As we have already seen, sustained low LDL will lead to low levels of vitamin D, because LDL supplies the cholesterol to the skin that manufactures the vitamin D.
Inadequate vitamin D, in turn, is a major risk factor for sepsis. An article published in the Journal of translational Medicine  provides strong evidence that vitamin D deficiency is associated with increased risk of sepsis. A direct quote from this article states, "Patients with severe infections as in sepsis have a high prevalence of vitamin D deficiency and high mortality rates."
This quote from the web shows all kinds of epidemiological evidence that vitamin D is protective against sepsis, and also explains the role it might play:
"Dr. Grant points out that septicemia incidence is highest in the winter and lowest in the autumn, that rates are also generally highest in the Northeast and lowest in the Southwest, and that African Americans (who have lower levels of vitamin D) have 1.7 to 4.3 times higher incidence rates than do whites. There is also a rapid increase in risk with age, and several other chronic and infectious diseases are closely associated with that increase. All of these factors indicate vitamin D deficiency; therefore, such a deficiency could play a strong causal role in septicemia, especially since deficiency inhibits the production of cathelicidins, which not only break down the cell walls of noxious germs, but also help to reduce the endotoxins resulting from the breakdown." (Vitamin D and Sepsis) .

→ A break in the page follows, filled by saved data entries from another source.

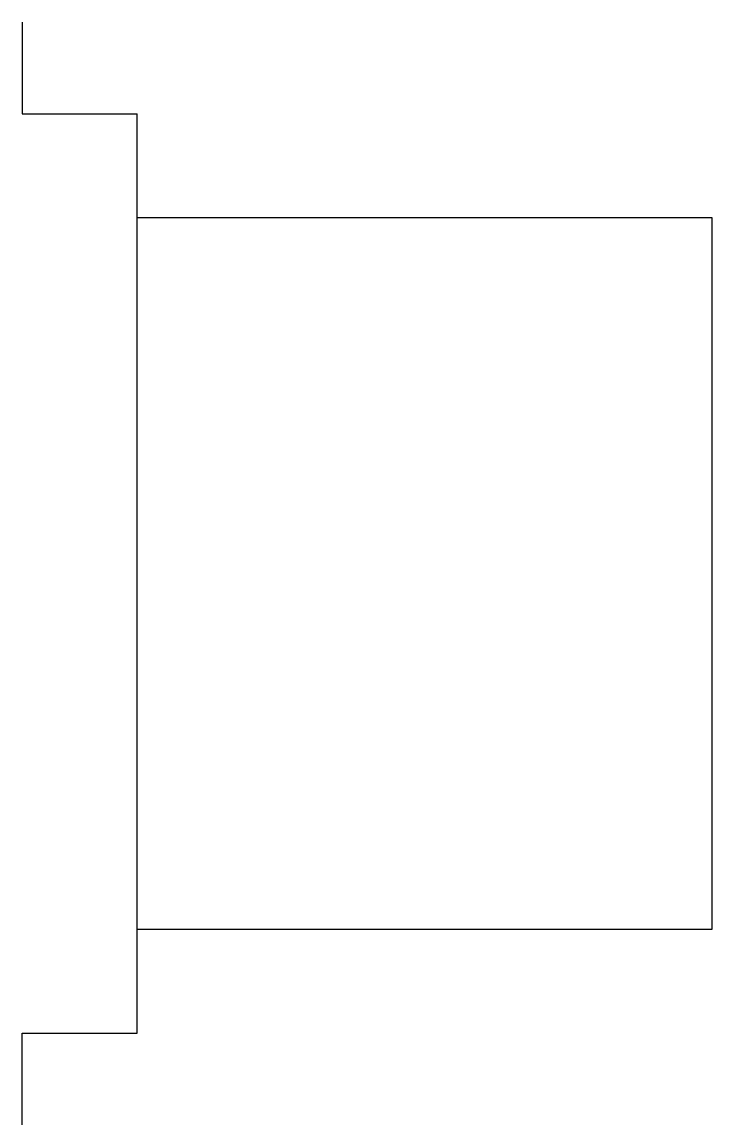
# Model space of a CAD drawing. Header units: inches. Extents: x 0 to 150, y 0 to 240.
import ezdxf

# ---------------------------------------------------------------- set-up
doc = ezdxf.new("R2010")
doc.units = ezdxf.units.IN

# ---------------------------------------------------------------- blocks, each defined once
blk = doc.blocks.new('456')
at = {"color": 7}
for p, q in [((30108.62, -103723.96), (30108.62, -103743.96)), ((30108.62, -103743.96), (30133.62, -103743.96)), ((30133.62, -103943.96), (30133.62, -103743.96)), ((30108.62, -103963.96), (30108.62, -103943.96)), ((30108.62, -103943.96), (30133.62, -103943.96))]:
    blk.add_line(p, q, dxfattribs=at)
blk.add_lwpolyline([(30133.62, -103766.46), (30258.62, -103766.46), (30258.62, -103921.46), (30133.62, -103921.46)], close=True, dxfattribs=at)

msp = doc.modelspace()

# ---------------------------------------------------------------- block references
msp.add_blockref('456', (-30108.62, 103963.96))

doc.saveas('drawing.dxf')

To summarize, doctors have argued recently that people with known heart disease should target a level of LDL that is below 70 mg/dl. People prescribed statins due to C-reactive protein will also likely achieve a similar low level of LDL, as statins are very effective at reducing cholesterol. However, such a low value for LDL is dangerous, because of the increased vulnerability you now have to infection and sepsis, due to both insufficient cholesterol and insufficient vitamin D.